Risperdal has also been linked to stroke and there have been 37 reports of stroke or stroke-like events, including 16 deaths linked to Risperdal. In April 2003, Johnson & Johnson sent warning letters to U.S. Physicians citing the drug’s elevated risk of stroke in elderly patients.

Risperdal has also been linked to tardive dyskinesia (TD), a disorder of the central nervous system, which results in involuntary movement of the limbs and twitching of the face and tongue.

Risperdal has been known to cause irregular heartbeats, muscle weakness and spasms, high fever, constipation, weight gain and headaches.

On April 11, 2005, the FDA announced that older patients with dementia who are given antipsychotic medicines are far more likely to die prematurely than those given placebos.
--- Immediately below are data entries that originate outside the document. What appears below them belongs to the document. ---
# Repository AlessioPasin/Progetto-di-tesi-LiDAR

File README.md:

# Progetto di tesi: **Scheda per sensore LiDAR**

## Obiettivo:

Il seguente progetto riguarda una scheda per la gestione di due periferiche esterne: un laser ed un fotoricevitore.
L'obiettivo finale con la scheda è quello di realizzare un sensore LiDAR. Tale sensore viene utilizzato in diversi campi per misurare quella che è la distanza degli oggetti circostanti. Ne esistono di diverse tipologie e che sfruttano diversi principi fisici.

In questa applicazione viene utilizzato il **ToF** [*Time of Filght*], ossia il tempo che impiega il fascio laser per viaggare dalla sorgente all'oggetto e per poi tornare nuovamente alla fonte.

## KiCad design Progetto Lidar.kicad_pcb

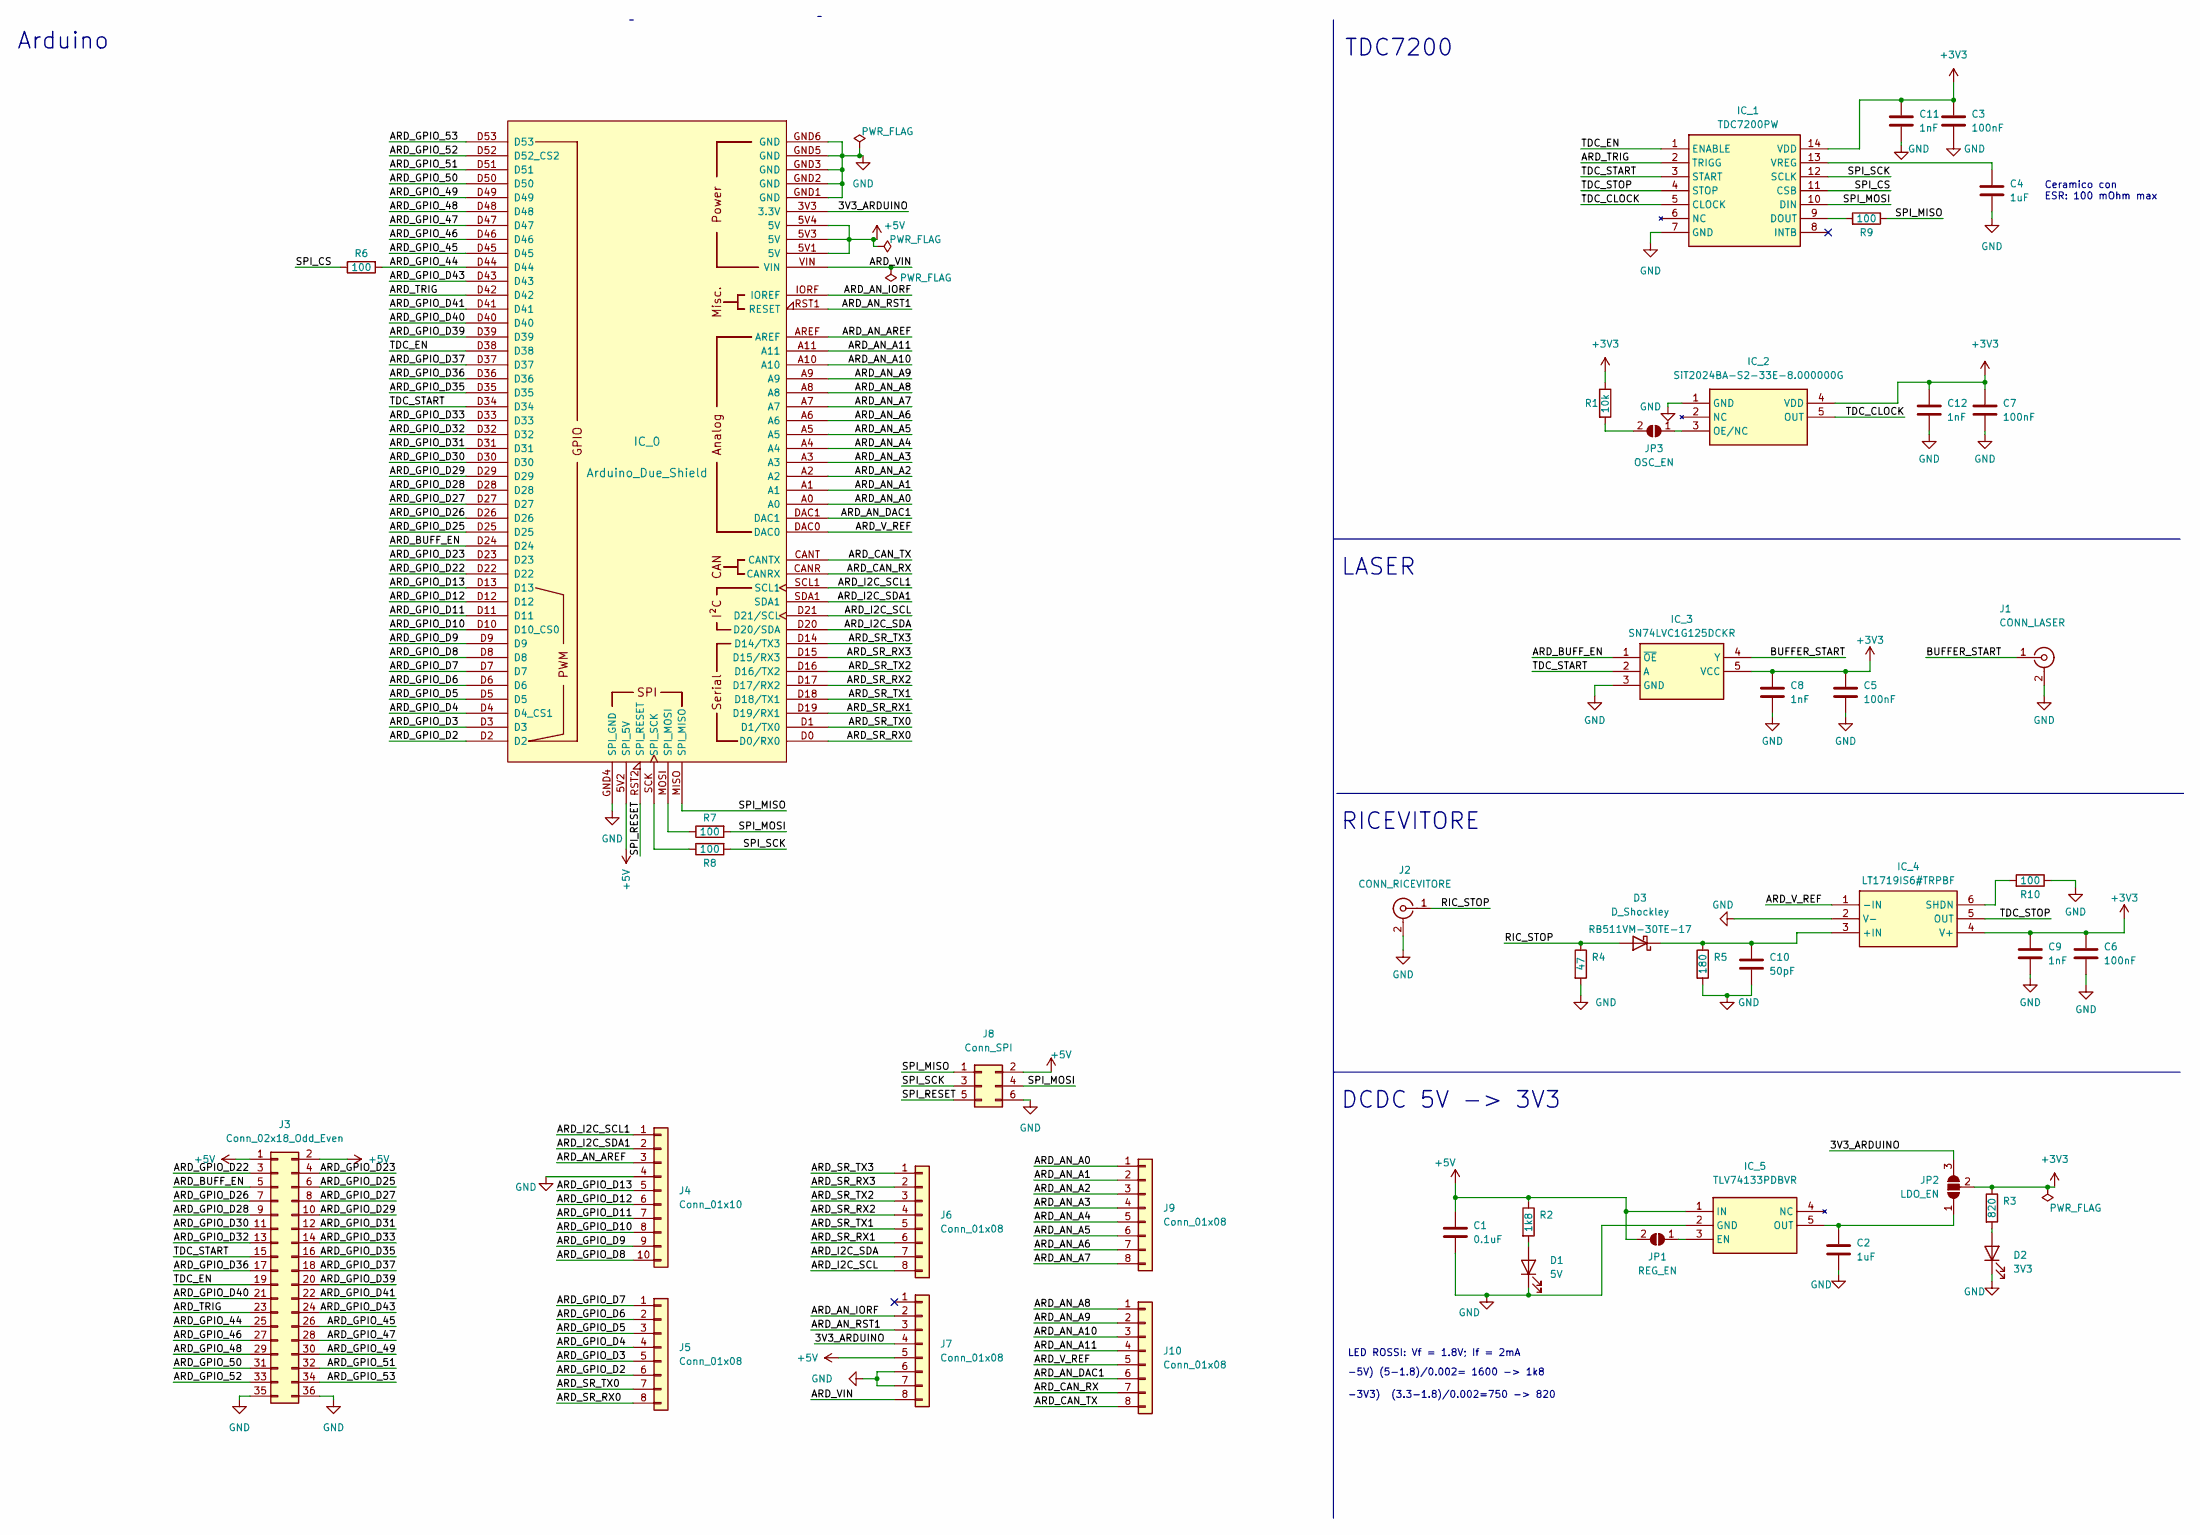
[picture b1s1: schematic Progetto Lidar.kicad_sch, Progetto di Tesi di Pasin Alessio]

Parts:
C1: 0.1uF; C_0805_2012Metric
C2, C4: 1uF; C_0805_2012Metric
C3, C5, C6, C7: 100nF; C_0805_2012Metric
C8, C9, C11, C12: 1nF; C_0805_2012Metric
C10: 50pF; C_0805_2012Metric
D1: 5V; LED_0805_2012Metric
D2: 3V3; LED_0805_2012Metric
D3: D_Shockley; RB511VM30TE17
IC_0: Arduino_Due_Shield
IC_1: TDC7200PW; SOP65P640X120-14N; Mouser Part Number 595-TDC7200PW
IC_2: SiT2024BA-S2-33E-8.000000G; SOT95P280X145-5N; Mouser Part Number 788-2024BA-S2-33E-8G
IC_3: SN74LVC1G125DCKR; SOT65P210X110-5N; Mouser Part Number 595-SN74LVC1G125DCKR
IC_4: LT1719IS6#TRPBF; SOT95P280X100-6N; Mouser Part Number 584-LT1719IS6#TRPBF
IC_5: TLV74133PDBVR; SOT95P280X145-5N; Mouser Part Number 595-TLV74133PDBVR
J1: CONN_LASER; SMA_Molex_73251-1153_EdgeMount_Horizontal
J2: CONN_RICEVITORE; SMA_Molex_73251-1153_EdgeMount_Horizontal
J3: Conn_02x18_Odd_Even; PinSocket_2x18_P2.54mm_Vertical
J4: Conn_01x10; PinSocket_1x10_P2.54mm_Vertical
J5, J6, J7, J9, J10: Conn_01x08; PinSocket_1x08_P2.54mm_Vertical
J8: Conn_SPI; PinSocket_2x03_P2.54mm_Vertical
JP1: REG_EN; SolderJumper-2_P1.3mm_Open_RoundedPad1.0x1.5mm
JP2: LDO_EN; SolderJumper-3_P1.3mm_Open_Pad1.0x1.5mm_NumberLabels
JP3: OSC_EN; SolderJumper-2_P1.3mm_Open_RoundedPad1.0x1.5mm
R1: 10k; R_0805_2012Metric
R2: 1k8; R_0805_2012Metric
R3: 820; R_0805_2012Metric
R4: 47; R_0805_2012Metric
R5: 180; R_0805_2012Metric
R6, R7, R8, R9, R10: 100; R_0805_2012Metric

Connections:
+3V3: C3.1, C5.1, C6.1, C7.1, C8.1, C9.1, C11.1, C12.1, IC_1.14 (VDD), IC_2.4 (VDD), IC_3.5 (VCC), IC_4.4 (V+), JP2.2 (C), R1.1, R3.1
+5V: C1.1, IC_0.5V1 (5V), IC_0.5V2 (SPI_5V), IC_0.5V3 (5V), IC_0.5V4 (5V), IC_5.1 (IN), J3.1, J3.2, J7.5, J8.2, JP1.2 (B), R2.1
/3V3_ARDUINO: IC_0.3V3 (3.3V), J7.4, JP2.3 (B)
/ARD_AN_A0: IC_0.A0, J9.1
/ARD_AN_A1: IC_0.A1, J9.2
/ARD_AN_A2: IC_0.A2, J9.3
/ARD_AN_A3: IC_0.A3, J9.4
/ARD_AN_A4: IC_0.A4, J9.5
/ARD_AN_A5: IC_0.A5, J9.6
/ARD_AN_A6: IC_0.A6, J9.7
/ARD_AN_A7: IC_0.A7, J9.8
/ARD_AN_A8: IC_0.A8, J10.1
/ARD_AN_A9: IC_0.A9, J10.2
/ARD_AN_A10: IC_0.A10, J10.3
/ARD_AN_A11: IC_0.A11, J10.4
/ARD_AN_AREF: IC_0.AREF, J4.3
/ARD_AN_DAC1: IC_0.DAC1, J10.6
/ARD_AN_IORF: IC_0.IORF (IOREF), J7.2
/ARD_AN_RST1: IC_0.RST1 (RESET), J7.3
/ARD_BUFF_EN: IC_0.D24, IC_3.1 (~OE), J3.5
/ARD_CAN_RX: IC_0.CANR (CANRX), J10.7
/ARD_CAN_TX: IC_0.CANT (CANTX), J10.8
/ARD_GPIO_44: IC_0.D44, J3.25, R6.2
/ARD_GPIO_45: IC_0.D45, J3.26
/ARD_GPIO_46: IC_0.D46, J3.27
/ARD_GPIO_47: IC_0.D47, J3.28
/ARD_GPIO_48: IC_0.D48, J3.29
/ARD_GPIO_49: IC_0.D49, J3.30
/ARD_GPIO_50: IC_0.D50, J3.31
/ARD_GPIO_51: IC_0.D51, J3.32
/ARD_GPIO_52: IC_0.D52 (D52_CS2), J3.33
/ARD_GPIO_53: IC_0.D53, J3.34
/ARD_GPIO_D2: IC_0.D2, J5.6
/ARD_GPIO_D3: IC_0.D3, J5.5
/ARD_GPIO_D4: IC_0.D4 (D4_CS1), J5.4
/ARD_GPIO_D5: IC_0.D5, J5.3
/ARD_GPIO_D6: IC_0.D6, J5.2
/ARD_GPIO_D7: IC_0.D7, J5.1
/ARD_GPIO_D8: IC_0.D8, J4.10
/ARD_GPIO_D9: IC_0.D9, J4.9
/ARD_GPIO_D10: IC_0.D10 (D10_CS0), J4.8
/ARD_GPIO_D11: IC_0.D11, J4.7
/ARD_GPIO_D12: IC_0.D12, J4.6
/ARD_GPIO_D13: IC_0.D13, J4.5
/ARD_GPIO_D22: IC_0.D22, J3.3
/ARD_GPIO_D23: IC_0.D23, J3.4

The drug now carries a black-box warning (the FDA’s most severe) on the labels.

The FDA’s own warnings can be found at:

Thus, it would seem to be a bit presumptuous to conclude that this powerful and quite dangerous drug is “safe” for children based upon this one limited study. While no weapon in the war on autism should be discounted, a very careful risk versus benefit analysis should be done before such a risky medication is routinely prescribed to children with autism.